Published in the Journal of the Endocrine Society, this retrospective single-center study by Gad et al. evaluated the safety, feasibility, and early efficacy of Pressure-Enabled Thyroid Artery Embolization (PED-TAE) using the TriNav® Infusion System. This novel, minimally invasive technique targets the inferior thyroid arteries to reduce gland size and alleviate symptoms in patients who are not candidates for surgery or conventional therapies.
“We are encouraged to see our technology being evaluated in new areas of clinical need,” said Richard Marshall, MD, TriSalus Medical Director. “This study offers critical insights into how TriNav’s Pressure-Enabled Drug Delivery approach may help address therapeutic delivery challenges for patients with thyroid disease and is an expansion beyond our historic focus on improving treatment of liver cancers.”
Key Study Highlights:
- Population: 22 patients with symptomatic thyroid disease (benign thyroid nodules or multinodular goiters) (median age: 59)

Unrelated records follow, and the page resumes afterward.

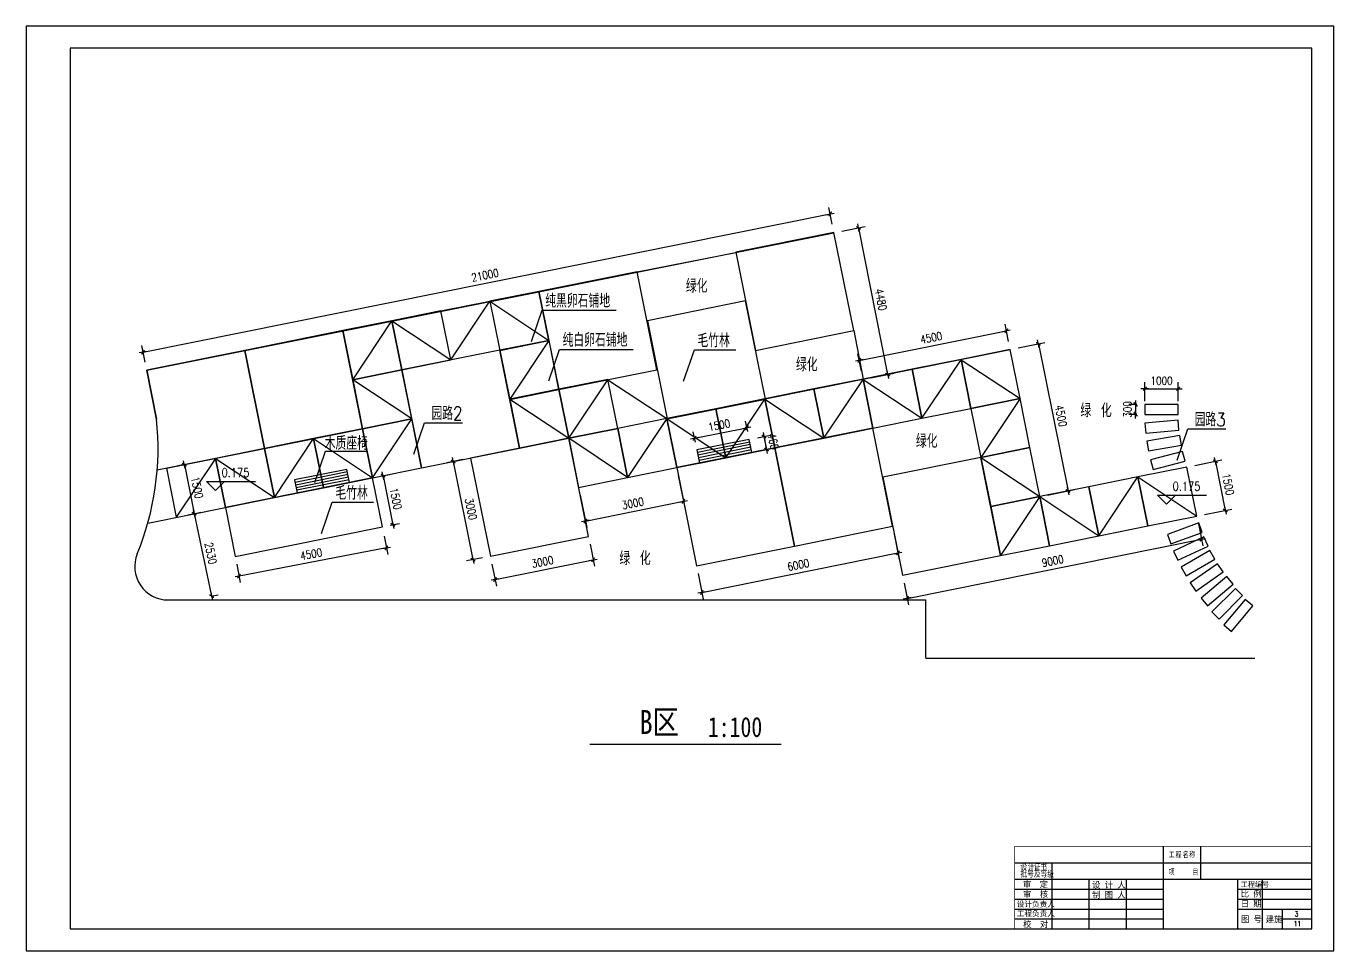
# Model space of a CAD drawing. Extents: x 1035948 to 1665131, y -158296 to 142149.
# Drawn here: x 1073470 to 1112674, y -30692 to -2972 of the extents above; entities that cross this region are included whole.
import ezdxf
from ezdxf.enums import TextEntityAlignment as Align

# ---------------------------------------------------------------- set-up
doc = ezdxf.new("R2010")
doc.units = 0
doc.header["$LTSCALE"] = 200
doc.header["$MEASUREMENT"] = 0
doc.layers.get('0').update_dxf_attribs({"linetype": 'CONTINUOUS'})
doc.layers.get('DEFPOINTS').update_dxf_attribs({"linetype": 'CONTINUOUS'})
for name, color, linetype in [('DL', 21, 'CONTINUOUS'), ('LAYER5', 5, 'CONTINUOUS'), ('PUB_DIM', 3, 'CONTINUOUS'), ('PUB_TEXT', 7, 'CONTINUOUS'), ('WLL1', 7, 'CONTINUOUS')]:
    doc.layers.add(name, color=color, linetype=linetype)
doc.styles.add('_HZTXT', font='txt.shx', dxfattribs={"width": 0.8, "bigfont": 'hztxt.shx'})
doc.styles.add('DIM_FONT', font='SIMPLEX.shx', dxfattribs={"width": 0.8})
doc.styles.add('HZ', font='simplex.shx', dxfattribs={"bigfont": 'hztxt.shx'})
doc.styles.add('仿宋', font='simfang0.ttf')
doc.dimstyles.new('DIMN80', dxfattribs={"dimscale": 0.8, "dimtxt": 300, "dimasz": 1, "dimexe": 250, "dimexo": 300, "dimgap": 150, "dimtad": 1, "dimdec": 0, "dimzin": 0, "dimdsep": 46, "dimtxsty": 'DIM_FONT', "dimblk": '_DIMX', "dimcen": 0.09, "dimclrt": 7, "dimadec": 0, "dimazin": 0, "dimtfac": 1, "dimtdec": 0, "dimtix": 1, "dimtmove": 2, "dimatfit": 3, "dimldrblk": '_DIMX', "dimfxl": 0, "dimtolj": 1, "dimtzin": 0, "dimarcsym": 0})

# ---------------------------------------------------------------- blocks, each defined once
blk = doc.blocks.new('_DIMX')
blk.add_line((-150, 0), (150, 0))
at = {"const_width": 50}
blk.add_lwpolyline([(-70, -70), (70, 70)], dxfattribs=at)
blk = doc.blocks.new('*D223')
at = {"color": 0, "linetype": 'ByBlock'}
for p, q in [((924434, 32722), (945032, 36867)), ((945093, 36564), (944993, 37063)), ((924494, 32419), (924394, 32918))]:
    blk.add_line(p, q, dxfattribs=at)
at = {"layer": 'DEFPOINTS', "color": 0, "linetype": 'ByBlock'}
for p in [(945032, 36867), (945141, 36329), (924542, 32183)]:
    blk.add_point(p, dxfattribs=at)
at = {"color": 0, "linetype": 'ByBlock', "xscale": 0.8, "yscale": 0.8, "zscale": 0.8}
for p, rotation in [((945032, 36867), 11.37783623031618), ((924433, 32722), 191.3778362303162)]:
    blk.add_blockref('_DIMX', p, dxfattribs=dict(at, rotation=rotation))
at = {"color": 7, "linetype": 'ByBlock', "insert": (934685, 35030), "char_height": 240, "attachment_point": 5, "rotation": 11.3778, "style": 'DIM_FONT'}
blk.add_mtext('\\A1;21000', dxfattribs=at)
blk = doc.blocks.new('*D240')
at = {"color": 0, "linetype": 'ByBlock'}
for p, q in [((1281930, 32161), (1282627, 32299)), ((1282431, 32260), (1283303, 27865)), ((1282802, 27765), (1283499, 27903))]:
    blk.add_line(p, q, dxfattribs=at)
at = {"layer": 'DEFPOINTS', "color": 0, "linetype": 'ByBlock'}
for p in [(1281695, 32114), (1283303, 27864), (1282567, 27718)]:
    blk.add_point(p, dxfattribs=at)
at = {"color": 0, "linetype": 'ByBlock', "xscale": 0.8, "yscale": 0.8, "zscale": 0.8}
for p, rotation in [((1282431, 32260), 101.2220261144561), ((1283303, 27864), 281.2220261144562)]:
    blk.add_blockref('_DIMX', p, dxfattribs=dict(at, rotation=rotation))
at = {"color": 7, "linetype": 'ByBlock', "insert": (1283102, 30109), "char_height": 240, "attachment_point": 5, "rotation": 281.222, "style": 'DIM_FONT'}
blk.add_mtext('\\A1;4480', dxfattribs=at)
blk = doc.blocks.new('*D233')
at = {"color": 0, "linetype": 'ByBlock'}
for p, q in [((945904, 32476), (950314, 33364)), ((950381, 33038), (950276, 33560)), ((945969, 32150), (945864, 32672))]:
    blk.add_line(p, q, dxfattribs=at)
at = {"layer": 'DEFPOINTS', "color": 0, "linetype": 'ByBlock'}
for p in [(950315, 33364), (950428, 32802), (946017, 31915)]:
    blk.add_point(p, dxfattribs=at)
at = {"color": 0, "linetype": 'ByBlock', "xscale": 0.8, "yscale": 0.8, "zscale": 0.8}
for p, rotation in [((950315, 33364), 11.37783622936118), ((945904, 32476), 191.3778362293612)]:
    blk.add_blockref('_DIMX', p, dxfattribs=dict(at, rotation=rotation))
at = {"color": 7, "linetype": 'ByBlock', "insert": (948062, 33155), "char_height": 240, "attachment_point": 5, "rotation": 11.3778, "style": 'DIM_FONT'}
blk.add_mtext('\\A1;4500', dxfattribs=at)
blk = doc.blocks.new('*D230')
at = {"color": 0, "linetype": 'ByBlock'}
for p, q in [((946952, 27268), (947105, 26506)), ((941184, 25518), (947065, 26702)), ((941070, 26084), (941223, 25322))]:
    blk.add_line(p, q, dxfattribs=at)
at = {"layer": 'DEFPOINTS', "color": 0, "linetype": 'ByBlock'}
for p in [(946904, 27503), (947066, 26702), (941022, 26319)]:
    blk.add_point(p, dxfattribs=at)
at = {"color": 0, "linetype": 'ByBlock', "xscale": 0.8, "yscale": 0.8, "zscale": 0.8}
for p, rotation in [((947066, 26702), 11.37783623031672), ((941184, 25518), 191.3778362303167)]:
    blk.add_blockref('_DIMX', p, dxfattribs=dict(at, rotation=rotation))
at = {"color": 7, "linetype": 'ByBlock', "insert": (944077, 26345), "char_height": 240, "attachment_point": 5, "rotation": 11.3778, "style": 'DIM_FONT'}
blk.add_mtext('\\A1;6000', dxfattribs=at)
blk = doc.blocks.new('*D224')
at = {"color": 0, "linetype": 'ByBlock'}
for p, q in [((931547, 29003), (931823, 29059)), ((931627, 29018), (931923, 27549)), ((931843, 27532), (932119, 27588))]:
    blk.add_line(p, q, dxfattribs=at)
at = {"layer": 'DEFPOINTS', "color": 0, "linetype": 'ByBlock'}
for p in [(931311, 28956), (931607, 27485), (931923, 27549)]:
    blk.add_point(p, dxfattribs=at)
at = {"color": 0, "linetype": 'ByBlock', "xscale": 0.8, "yscale": 0.8, "zscale": 0.8}
for p, rotation in [((931627, 29019), 101.37783623032), ((931923, 27549), 281.37783623032)]:
    blk.add_blockref('_DIMX', p, dxfattribs=dict(at, rotation=rotation))
at = {"color": 7, "linetype": 'ByBlock', "insert": (932010, 28331), "char_height": 240, "attachment_point": 5, "rotation": 281.3778, "style": 'DIM_FONT'}
blk.add_mtext('\\A1;1500', dxfattribs=at)
blk = doc.blocks.new('*D226')
at = {"color": 0, "linetype": 'ByBlock'}
for p, q in [((934017, 29500), (933536, 29403)), ((933732, 29442), (934324, 26502)), ((934609, 26559), (934128, 26462))]:
    blk.add_line(p, q, dxfattribs=at)
at = {"layer": 'DEFPOINTS', "color": 0, "linetype": 'ByBlock'}
for p in [(934252, 29547), (934324, 26502), (934844, 26606)]:
    blk.add_point(p, dxfattribs=at)
at = {"color": 0, "linetype": 'ByBlock', "xscale": 0.8, "yscale": 0.8, "zscale": 0.8}
for p, rotation in [((933732, 29443), 101.3778362303164), ((934324, 26502), 281.3778362303165)]:
    blk.add_blockref('_DIMX', p, dxfattribs=dict(at, rotation=rotation))
at = {"color": 7, "linetype": 'ByBlock', "insert": (934263, 28020), "char_height": 240, "attachment_point": 5, "rotation": 281.3778, "style": 'DIM_FONT'}
blk.add_mtext('\\A1;3000', dxfattribs=at)
blk = doc.blocks.new('*D231')
at = {"color": 0, "linetype": 'ByBlock'}
for p, q in [((940478, 29025), (940673, 28055)), ((937537, 28433), (937732, 27463)), ((937693, 27659), (940633, 28251))]:
    blk.add_line(p, q, dxfattribs=at)
at = {"layer": 'DEFPOINTS', "color": 0, "linetype": 'ByBlock'}
for p in [(940430, 29261), (937489, 28669), (940634, 28251)]:
    blk.add_point(p, dxfattribs=at)
at = {"color": 0, "linetype": 'ByBlock', "xscale": 0.8, "yscale": 0.8, "zscale": 0.8}
for p, rotation in [((940634, 28251), 11.37783623029877), ((937692, 27659), 191.3778362302988)]:
    blk.add_blockref('_DIMX', p, dxfattribs=dict(at, rotation=rotation))
at = {"color": 7, "linetype": 'ByBlock', "insert": (939116, 28190), "char_height": 240, "attachment_point": 5, "rotation": 11.3778, "style": 'DIM_FONT'}
blk.add_mtext('\\A1;3000', dxfattribs=at)
blk = doc.blocks.new('*D232')
at = {"color": 0, "linetype": 'ByBlock'}
for p, q in [((925953, 27880), (926161, 27924)), ((925966, 27882), (926489, 25410)), ((926476, 25406), (926684, 25451))]:
    blk.add_line(p, q, dxfattribs=at)
at = {"layer": 'DEFPOINTS', "color": 0, "linetype": 'ByBlock'}
for p in [(925718, 27830), (926241, 25357), (926489, 25409)]:
    blk.add_point(p, dxfattribs=at)
at = {"color": 0, "linetype": 'ByBlock', "xscale": 0.8, "yscale": 0.8, "zscale": 0.8}
for p, rotation in [((925966, 27882), 101.9370797374022), ((926489, 25409), 281.9370797374023)]:
    blk.add_blockref('_DIMX', p, dxfattribs=dict(at, rotation=rotation))
at = {"color": 7, "linetype": 'ByBlock', "insert": (926462, 26695), "char_height": 240, "attachment_point": 5, "rotation": 281.9371, "style": 'DIM_FONT'}
blk.add_mtext('\\A1;2530', dxfattribs=at)
blk = doc.blocks.new('*D225')
at = {"color": 0, "linetype": 'ByBlock'}
for p, q in [((931661, 27207), (931766, 26659)), ((931727, 26855), (927309, 26010)), ((927241, 26362), (927346, 25813))]:
    blk.add_line(p, q, dxfattribs=at)
at = {"layer": 'DEFPOINTS', "color": 0, "linetype": 'ByBlock'}
for p in [(931616, 27443), (927196, 26597), (927308, 26009)]:
    blk.add_point(p, dxfattribs=at)
at = {"color": 0, "linetype": 'ByBlock', "xscale": 0.8, "yscale": 0.8, "zscale": 0.8}
for p, rotation in [((931728, 26855), 10.83439855792482), ((927308, 26009), 190.8343985579248)]:
    blk.add_blockref('_DIMX', p, dxfattribs=dict(at, rotation=rotation))
at = {"color": 7, "linetype": 'ByBlock', "insert": (929473, 26668), "char_height": 240, "attachment_point": 5, "rotation": 10.8344, "style": 'DIM_FONT'}
blk.add_mtext('\\A1;4500', dxfattribs=at)
blk = doc.blocks.new('*D227')
at = {"color": 0, "linetype": 'ByBlock'}
for p, q in [((937833, 26963), (937966, 26302)), ((934892, 26371), (935025, 25710)), ((934986, 25906), (937925, 26498))]:
    blk.add_line(p, q, dxfattribs=at)
at = {"layer": 'DEFPOINTS', "color": 0, "linetype": 'ByBlock'}
for p in [(937785, 27198), (934844, 26606), (937926, 26498)]:
    blk.add_point(p, dxfattribs=at)
at = {"color": 0, "linetype": 'ByBlock', "xscale": 0.8, "yscale": 0.8, "zscale": 0.8}
for p, rotation in [((937926, 26498), 11.37783623031391), ((934985, 25906), 191.3778362303139)]:
    blk.add_blockref('_DIMX', p, dxfattribs=dict(at, rotation=rotation))
at = {"color": 7, "linetype": 'ByBlock', "insert": (936408, 26437), "char_height": 240, "attachment_point": 5, "rotation": 11.3778, "style": 'DIM_FONT'}
blk.add_mtext('\\A1;3000', dxfattribs=at)
blk = doc.blocks.new('*D228')
at = {"color": 0, "linetype": 'ByBlock'}
for p, q in [((925670, 29350), (925474, 29311)), ((925671, 29350), (925966, 27881)), ((925966, 27880), (925770, 27840))]:
    blk.add_line(p, q, dxfattribs=at)
at = {"layer": 'DEFPOINTS', "color": 0, "linetype": 'ByBlock'}
for p in [(925906, 29398), (925966, 27880), (926202, 27927)]:
    blk.add_point(p, dxfattribs=at)
at = {"color": 0, "linetype": 'ByBlock', "xscale": 0.8, "yscale": 0.8, "zscale": 0.8}
for p, rotation in [((925670, 29350), 101.3778362303228), ((925966, 27880), 281.3778362303228)]:
    blk.add_blockref('_DIMX', p, dxfattribs=dict(at, rotation=rotation))
at = {"color": 7, "linetype": 'ByBlock', "insert": (926054, 28663), "char_height": 240, "attachment_point": 5, "rotation": 281.3778, "style": 'DIM_FONT'}
blk.add_mtext('\\A1;1500', dxfattribs=at)
blk = doc.blocks.new('*D238')
at = {"color": 0, "linetype": 'ByBlock'}
for p, q in [((1285930, 32246), (1287497, 32561)), ((1287521, 32447), (1287459, 32758)), ((1285953, 32131), (1285890, 32442))]:
    blk.add_line(p, q, dxfattribs=at)
at = {"layer": 'DEFPOINTS', "color": 0, "linetype": 'ByBlock'}
for p in [(1287498, 32562), (1287568, 32211), (1286000, 31896)]:
    blk.add_point(p, dxfattribs=at)
at = {"color": 0, "linetype": 'ByBlock', "xscale": 0.8, "yscale": 0.8, "zscale": 0.8}
for p, rotation in [((1287498, 32562), 11.37783623032349), ((1285929, 32246), 191.3778362303235)]:
    blk.add_blockref('_DIMX', p, dxfattribs=dict(at, rotation=rotation))
at = {"color": 7, "linetype": 'ByBlock', "insert": (1286666, 32639), "char_height": 240, "attachment_point": 5, "rotation": 11.3778, "style": 'DIM_FONT'}
blk.add_mtext('\\A1;1500', dxfattribs=at)
blk = doc.blocks.new('*D239')
at = {"color": 0, "linetype": 'ByBlock'}
for p, q in [((1287812, 32260), (1288206, 32340)), ((1288010, 32301), (1288010, 32302)), ((1288010, 32300), (1288089, 31908)), ((1287891, 31868), (1288285, 31948)), ((1288089, 31907), (1288089, 31907))]:
    blk.add_line(p, q, dxfattribs=at)
at = {"layer": 'DEFPOINTS', "color": 0, "linetype": 'ByBlock'}
for p in [(1287577, 32213), (1287656, 31821), (1288089, 31908)]:
    blk.add_point(p, dxfattribs=at)
at = {"color": 0, "linetype": 'ByBlock', "xscale": 0.8, "yscale": 0.8, "zscale": 0.8}
for p, rotation in [((1288010, 32300), 281.377836230317), ((1288089, 31908), 101.3778362303169)]:
    blk.add_blockref('_DIMX', p, dxfattribs=dict(at, rotation=rotation))
at = {"color": 7, "linetype": 'ByBlock', "insert": (1288285, 32152), "char_height": 240, "attachment_point": 5, "rotation": 281.3778, "style": 'DIM_FONT'}
blk.add_mtext('\\A1;460', dxfattribs=at)
blk = doc.blocks.new('*D229')
at = {"color": 0, "linetype": 'ByBlock'}
for p, q in [((956071, 27573), (956202, 26920)), ((947340, 25341), (956162, 27116)), ((947248, 25797), (947379, 25145))]:
    blk.add_line(p, q, dxfattribs=at)
at = {"layer": 'DEFPOINTS', "color": 0, "linetype": 'ByBlock'}
for p in [(956023, 27808), (956163, 27116), (947200, 26033)]:
    blk.add_point(p, dxfattribs=at)
at = {"color": 0, "linetype": 'ByBlock', "xscale": 0.8, "yscale": 0.8, "zscale": 0.8}
for p, rotation in [((956163, 27116), 11.37783623031483), ((947339, 25341), 191.3778362303148)]:
    blk.add_blockref('_DIMX', p, dxfattribs=dict(at, rotation=rotation))
at = {"color": 7, "linetype": 'ByBlock', "insert": (951704, 26464), "char_height": 240, "attachment_point": 5, "rotation": 11.3778, "style": 'DIM_FONT'}
blk.add_mtext('\\A1;9000', dxfattribs=at)
blk = doc.blocks.new('*D237')
at = {"color": 0, "linetype": 'ByBlock'}
for p, q in [((1290776, 26969), (1290536, 26969)), ((1290776, 26669), (1290536, 26669)), ((1290736, 26970), (1290736, 26971)), ((1290736, 26969), (1290736, 26669)), ((1290736, 26669), (1290736, 26668))]:
    blk.add_line(p, q, dxfattribs=at)
at = {"layer": 'DEFPOINTS', "color": 0, "linetype": 'ByBlock'}
for p in [(1290736, 26669), (1291016, 26969), (1291016, 26669)]:
    blk.add_point(p, dxfattribs=at)
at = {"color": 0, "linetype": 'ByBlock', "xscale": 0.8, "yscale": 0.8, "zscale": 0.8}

- Procedure: Pressure-enabled embolization via the inferior thyroid artery; 45% had unilateral treatment and 55% bilateral
- Outcomes:
- 100% technical and clinical success (technical success defined as successful catheterization and embolization. Clinical success measured as the absence of non-target embolization, target volume reduction, and/or normalization of thyroid function, when appropriate.)
- 71% (5 of 7) of patients with hyperthyroidism achieved normal thyroid function (euthyroid)
- 73% mean reduction in thyroid gland volume at 6 months (n=18)
- No major complications or neurovascular events
- Mild post-procedure symptoms (e.g., neck discomfort) reported in 81% of patients, resolving within two weeks
- No patients developed hypothyroidism following the procedure
The authors conclude that PED-TAE is a safe and feasible treatment option for large goiters and may offer an alternative to more invasive approaches for treating large benign thyroid nodules and benign multinodular goiters. However, prospective research is needed to establish long-term efficacy.
Additionally, a multi-institutional registry study (PROTECT, NCT06868459) has been initiated by Juan C. Camacho, MD and is underway in collaboration with TriSalus Life Sciences to further validate these findings and evaluate broader applicability in a multi-center setting.
“These early results lay the foundation for a broader evaluation of pressure-enabled embolization in the management of benign thyroid disease,” said Juan C. Camacho, MD, lead investigator of the PROTECT registry and interventional radiologist at Sarasota Memorial Hospital. “We are excited to collaborate with TriSalus through the PROTECT registry to grow the body of data and further define the role of this technique in clinical practice.”
“TriSalus continues to support innovations in embolization techniques,” said CEO Mary Szela. “While these results are early, they reflect growing interest in our platform to expand minimally invasive treatment options for patients. We are grateful to the team at Sarasota Memorial Hospital for leading this pioneering work, and are excited to collaborate on the PROTECT registry.”